**TASK TO COMPLETE**
Examine the records and identify each line that includes the string "parameter". Copy those lines.
== ENTRIES SUPPLIED
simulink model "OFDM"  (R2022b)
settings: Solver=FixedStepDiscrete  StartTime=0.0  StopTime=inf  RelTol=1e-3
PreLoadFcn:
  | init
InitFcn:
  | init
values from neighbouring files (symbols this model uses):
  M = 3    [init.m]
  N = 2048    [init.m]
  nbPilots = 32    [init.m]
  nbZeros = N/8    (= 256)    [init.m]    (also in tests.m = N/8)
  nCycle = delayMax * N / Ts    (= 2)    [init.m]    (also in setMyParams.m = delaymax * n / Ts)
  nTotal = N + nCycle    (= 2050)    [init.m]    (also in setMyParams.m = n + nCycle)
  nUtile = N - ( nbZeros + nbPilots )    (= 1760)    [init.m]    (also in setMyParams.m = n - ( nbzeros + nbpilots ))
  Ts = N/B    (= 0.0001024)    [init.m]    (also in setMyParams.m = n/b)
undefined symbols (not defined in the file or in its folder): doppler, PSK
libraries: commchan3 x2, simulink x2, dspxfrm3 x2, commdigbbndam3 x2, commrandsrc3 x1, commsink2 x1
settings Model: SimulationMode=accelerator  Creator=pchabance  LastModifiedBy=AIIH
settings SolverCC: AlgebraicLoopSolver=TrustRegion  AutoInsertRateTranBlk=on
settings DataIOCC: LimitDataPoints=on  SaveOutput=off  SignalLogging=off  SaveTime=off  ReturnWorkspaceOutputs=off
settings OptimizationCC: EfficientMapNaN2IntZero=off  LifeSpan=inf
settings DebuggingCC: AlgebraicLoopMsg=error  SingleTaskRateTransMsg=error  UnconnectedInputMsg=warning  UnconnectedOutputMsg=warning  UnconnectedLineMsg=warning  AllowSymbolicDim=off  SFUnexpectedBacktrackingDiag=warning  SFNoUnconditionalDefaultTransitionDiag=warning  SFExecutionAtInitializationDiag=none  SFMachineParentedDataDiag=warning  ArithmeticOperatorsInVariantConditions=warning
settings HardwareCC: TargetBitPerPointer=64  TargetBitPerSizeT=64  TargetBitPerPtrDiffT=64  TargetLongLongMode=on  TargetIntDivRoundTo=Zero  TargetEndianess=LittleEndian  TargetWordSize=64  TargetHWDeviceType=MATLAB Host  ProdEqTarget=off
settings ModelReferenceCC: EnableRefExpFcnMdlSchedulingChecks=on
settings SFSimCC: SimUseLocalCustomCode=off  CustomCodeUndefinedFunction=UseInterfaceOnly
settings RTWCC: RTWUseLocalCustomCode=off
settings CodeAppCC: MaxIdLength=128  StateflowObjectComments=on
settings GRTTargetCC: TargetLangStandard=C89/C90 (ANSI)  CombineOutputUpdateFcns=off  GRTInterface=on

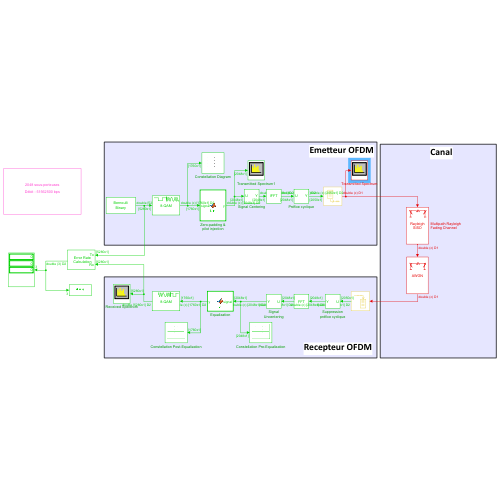
[thumbnail: Simulink's stored preview of the top-level diagram]
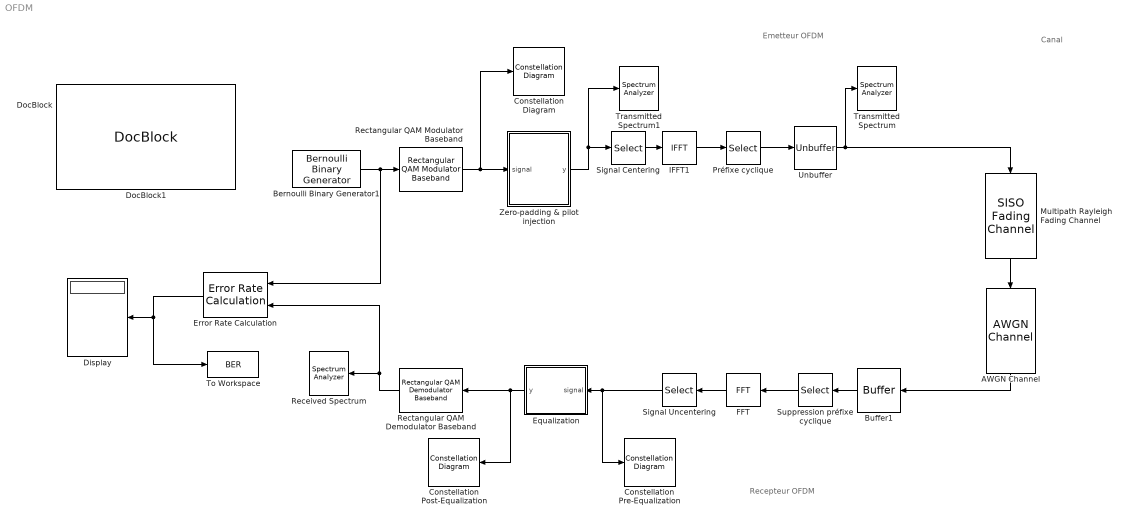
== system OFDM ==
  note: Emetteur OFDM
  note: Recepteur OFDM
  note: Canal
  AWGN Channel : commchan3/AWGN Channel  InputProcessing=Columns as channels (frame based)  seed=67  noiseMode="Signal to noise ratio  (SNR)"  EbNodB=10  EsNodB=30  SNRdB=SNR_  bitsPerSym=2  Ps=W  Tsym=256*5e-8  variance=1
  Bernoulli Binary Generator1 : commrandsrc3/Bernoulli Binary Generator  ProbabilityOfZero=0.5  SeedSource=Auto  Seed=0  SampleTime=Ts/(nUtile*M)  SamplesPerFrame=nUtile*M  OutputDataType=double  SimulateUsing=Code generation
  Buffer1 : Buffer  N=nTotal  OutputFrames=off
  Constellation Diagram : ConstellationDiagram  WindowPosition=[433.000000,362.000000,410.000000,300.000000,]  Visible=on  ScopeFrameLocation=window  DefaultConfigurationName=comm.scopes.ConstellationDiagramBlockCfg
  Constellation Post-Equalization : ConstellationDiagram  WindowPosition=[388.000000,174.000000,422.000000,306.000000,]  Visible=on  ScopeFrameLocation=window  SymbolsToDisplaySource=Property  SymbolsToDisplay=8000  ReferenceConstellation=8-PSK  XLimits=[-1.596 1.5905]  YLimits=[-1.9943 1.9888]  DefaultConfigurationName=comm.scopes.ConstellationDiagramBlockCfg
  Constellation Pre-Equalization : ConstellationDiagram  WindowPosition=[1.000000,26.000000,1280.000000,844.000000,]  Visible=on  ScopeFrameLocation=window  ReferenceConstellation=8-PSK  XLimits=[-2.0473 1.1549]  YLimits=[-2.4475 1.5551]  DefaultConfigurationName=comm.scopes.ConstellationDiagramBlockCfg
  Display : Display
  DocBlock : simulink/Model-Wide Utilities/DocBlock  DocumentType=Text
      content=|
      | Type your documentation here
  DocBlock1 : simulink/Model-Wide Utilities/DocBlock  DocumentType=Text  mask(DocBlock){}
      content=|
      | Type your documentation here
      mask Display:
      | % This is a new mask on top of the base mask.
      | % Use "View base mask" link below to see the base mask.
      | 
      | N = evalin('base','N');
      | fprintf([num2str(N),' sous-porteuses\n\n\n']);
      | 
      | rate = evalin('base','debit');
      | fprintf(['Débit : ',num2str(rate),' bps']);
  Equalization : MATLAB Function  TreatAsAtomicUnit=on
  Error Rate Calculation : commsink2/Error Rate Calculation  N=nUtile*M  st_delay=0  cp_mode=Entire frame  subframe=[]  PMode=Port  WsName=ErrorVec  RsMode2=off  stop=off  numErr=100  maxBits=1e6
  FFT : dspxfrm3/FFT  FFTImplementation=Auto  CompMethod=Table lookup  TableOpt=NEW  TableOptActive=Speed  BitRevOrder=off  Normalize=off  InheritFFTLength=on  FFTLength=64  WrapInput=on  roundingMode=Floor  overflowMode=off  firstCoeffDataTypeStr=Inherit: Same word length as input  firstCoeffLastDataTypeStr=Inherit: Same word length as input  outputMin=[]  outputMax=[]
  IFFT1 : dspxfrm3/IFFT  FFTImplementation=Auto  CompMethod=Table lookup  TableOpt=NEW  TableOptActive=Speed  BitRevOrder=off  cs_in=off  Normalize=on  InheritFFTLength=on  FFTLength=64  WrapInput=on  mode=Complex  outSamplingMode=Sample based  roundingMode=Floor  overflowMode=off  firstCoeffDataTypeStr=Inherit: Same word length as input  firstCoeffLastDataTypeStr=Inherit: Same word length as input  outputMin=[]  outputMax=[]
  Multipath Rayleigh Fading Channel : commchan3/SISO Fading Channel  InheritSampleRate=on  SampleRate=1  PathDelays=[0 0.5e-7 1e-7]  AveragePathGains=[0 -3 -6]  NormalizePathGains=on  FadingDistribution=Rayleigh  KFactor=3  DirectPathDopplerShift=0  DirectPathInitialPhase=0  MaximumDopplerShift=40  DopplerSpectrum=doppler('Jakes')  RandomStream=mt19937ar with seed  Seed=73  PathGainsOutputPort=off  ChannelFilterDelayOutputPort=off  SimulateUsing=Interpreted execution  Visualization=Off  PathsForDopplerDisplay=1  SamplesToDisplay=25%
  Préfixe cyclique : Selector  InputPortWidth=N  IndexOptions=Index vector (dialog)  Indices=[N-nCycle + 1:N 1:N]  OutputSizes=1
  Received Spectrum : SpectrumAnalyzer
  Rectangular QAM Demodulator Baseband : commdigbbndam3/Rectangular QAM Demodulator Baseband  M=2^M  OutType=Bit  DecType=Hard decision  VarSource=Dialog  Variance=1  Dec=Gray  Mapping=[0:15]  PowType=Average Power  MinDist=2  AvgPow=1  PeakPow=1  Ph=0  outDtype1=Inherit via internal rule  outDtype2=Inherit via internal rule  derotateFactorWordLen=16  derotateFactorDataTypeStr=Inherit: Same word length as input  derotateFactorLastDataTypeStr=Inherit: Same word length as input  denormFactorWordLen=16  denormFactorDataTypeStr=Inherit: Same word length as input  denormFactorLastDataTypeStr=Inherit: Same word length as input  prodOutWordLen=32  prodOutOverflowMode=Wrap  prodOutRoundingMode=Floor  prodOutOvFlMode=off  prodOutOvFlModeLastStrValue=off  sumWordLen=32
  Rectangular QAM Modulator Baseband : commdigbbndam3/Rectangular QAM Modulator Baseband  M=2^M  InType=Bit  Enc=Gray  Mapping=[0:15]  PowType=Average Power  MinDist=2  AvgPow=1  PeakPow=1  Ph=0  outDtype=double  outWordLen=16  outUDDataType=sfix(16)  outFracLenMode=Best precision  outFracLen=15  outDataTypeStr=double  outLastDataTypeStr=double
  Signal Uncentering : Selector  InputPortWidth=N  IndexOptions=Index vector (dialog)  Indices=[N/2+2:N 1:N/2+1]  OutputSizes=1
  Signal Centering : Selector  InputPortWidth=N  IndexOptions=Index vector (dialog)  Indices=[N/2:N 1:N/2-1]  OutputSizes=1
  Suppression préfixe cyclique : Selector  InputPortWidth=nTotal  IndexOptions=Index vector (dialog)  Indices=[nCycle+1:nTotal]  OutputSizes=1
  To Workspace : ToWorkspace  VariableName=BER  SaveFormat=Timeseries  SampleTime=-1
  Transmitted Spectrum : SpectrumAnalyzer
  Transmitted Spectrum1 : SpectrumAnalyzer
  Unbuffer : Unbuffer
  Zero-padding & pilot injection : MATLAB Function  TreatAsAtomicUnit=on
  wires:
  Rectangular QAM Modulator Baseband/1 -> Constellation Diagram/1, Zero-padding & pilot injection/1(signal)
  Signal Centering/1 -> IFFT1/1
  IFFT1/1 -> Préfixe cyclique/1
  Unbuffer/1 -> Multipath Rayleigh Fading Channel/1, Transmitted Spectrum/1
  FFT/1 -> Signal Uncentering/1
  Rectangular QAM Demodulator Baseband/1 -> Error Rate Calculation/2, Received Spectrum/1
  Error Rate Calculation/1 -> To Workspace/1, Display/1
  Bernoulli Binary Generator1/1 -> Rectangular QAM Modulator Baseband/1, Error Rate Calculation/1
  Signal Uncentering/1 -> Equalization/1(signal), Constellation Pre-Equalization/1
  Equalization/1(y) -> Rectangular QAM Demodulator Baseband/1, Constellation Post-Equalization/1
  Zero-padding & pilot injection/1(y) -> Transmitted Spectrum1/1, Signal Centering/1
  Multipath Rayleigh Fading Channel/1 -> AWGN Channel/1
  AWGN Channel/1 -> Buffer1/1
  Préfixe cyclique/1 -> Unbuffer/1
  Buffer1/1 -> Suppression préfixe cyclique/1
  Suppression préfixe cyclique/1 -> FFT/1

== matlab function OFDM/Equalization ==
  data: y output size=[nUtile,1]; signal input; nbPilots parameter; nUtile parameter; nbZeros parameter
function y = fcn(signal, nbPilots, nUtile, nbZeros)

    signalSansZeros = signal(nbZeros/2+1:nbZeros/2+nUtile+nbPilots);

    intervalle = floor(nUtile/nbPilots)+1;
    output = zeros(nUtile,1) + 1j * zeros(nUtile,1);
    indexOutput = 1;
    
    coeffs = zeros(nbPilots,1)+ 1j*zeros(nbPilots,1);
    indexCoeffs = 1;
    indexes = zeros(nbPilots,1);
    indexIndexes = 1;
    
    for i = 1:nUtile+nbPilots
        if mod(i+floor(intervalle/2),intervalle) == 0
            if (indexCoeffs <= nbPilots)
                coeffs(indexCoeffs) = (sqrt(2)+sqrt(2)*1j)/signalSansZeros(i);
                indexes(indexIndexes) = i;
                indexCoeffs = indexCoeffs + 1;
                indexIndexes = indexIndexes + 1;
            end
        end
    end
    
    coeffsInterp = interp1(indexes,coeffs,1:nUtile+nbPilots,'spline');
    
    coeffsInterp(1:intervalle) = coeffs(1);
    coeffsInterp(nUtile+nbPilots-intervalle:end) = coeffs(nbPilots);
    
    for i = 1:nUtile+nbPilots
        if mod(i+floor(intervalle/2),intervalle) ~= 0
            output(indexOutput) = signalSansZeros(i)*coeffsInterp(i);
            indexOutput = indexOutput + 1;
        end
    end

y = output;

== matlab function OFDM/Zero-padding & pilot injection ==
  data: y output size=[N,1]; nbZeros parameter; nbPilots parameter; signal input size=nUtile; nUtile parameter
function y = fcn(nbZeros, nbPilots, signal, nUtile)

    index = 1;
    
    intervalle = floor(nUtile/nbPilots)+1;
    output = zeros(nbZeros+nbPilots+nUtile,1)+1j * zeros(nbZeros+nbPilots+nUtile,1);
    
    for i=nbZeros/2+1:nUtile+nbZeros/2+nbPilots
        if mod(i-nbZeros/2+floor(intervalle/2),intervalle) == 0
            output(i)= sqrt(2)+sqrt(2)*1j;
        else
            output(i)=signal(index);
            index = index+1;
        end
    end
y = output;
====
**OUTPUT FOR THIS EXERCISE**
  data: y output size=[nUtile,1]; signal input; nbPilots parameter; nUtile parameter; nbZeros parameter
  data: y output size=[N,1]; nbZeros parameter; nbPilots parameter; signal input size=nUtile; nUtile parameter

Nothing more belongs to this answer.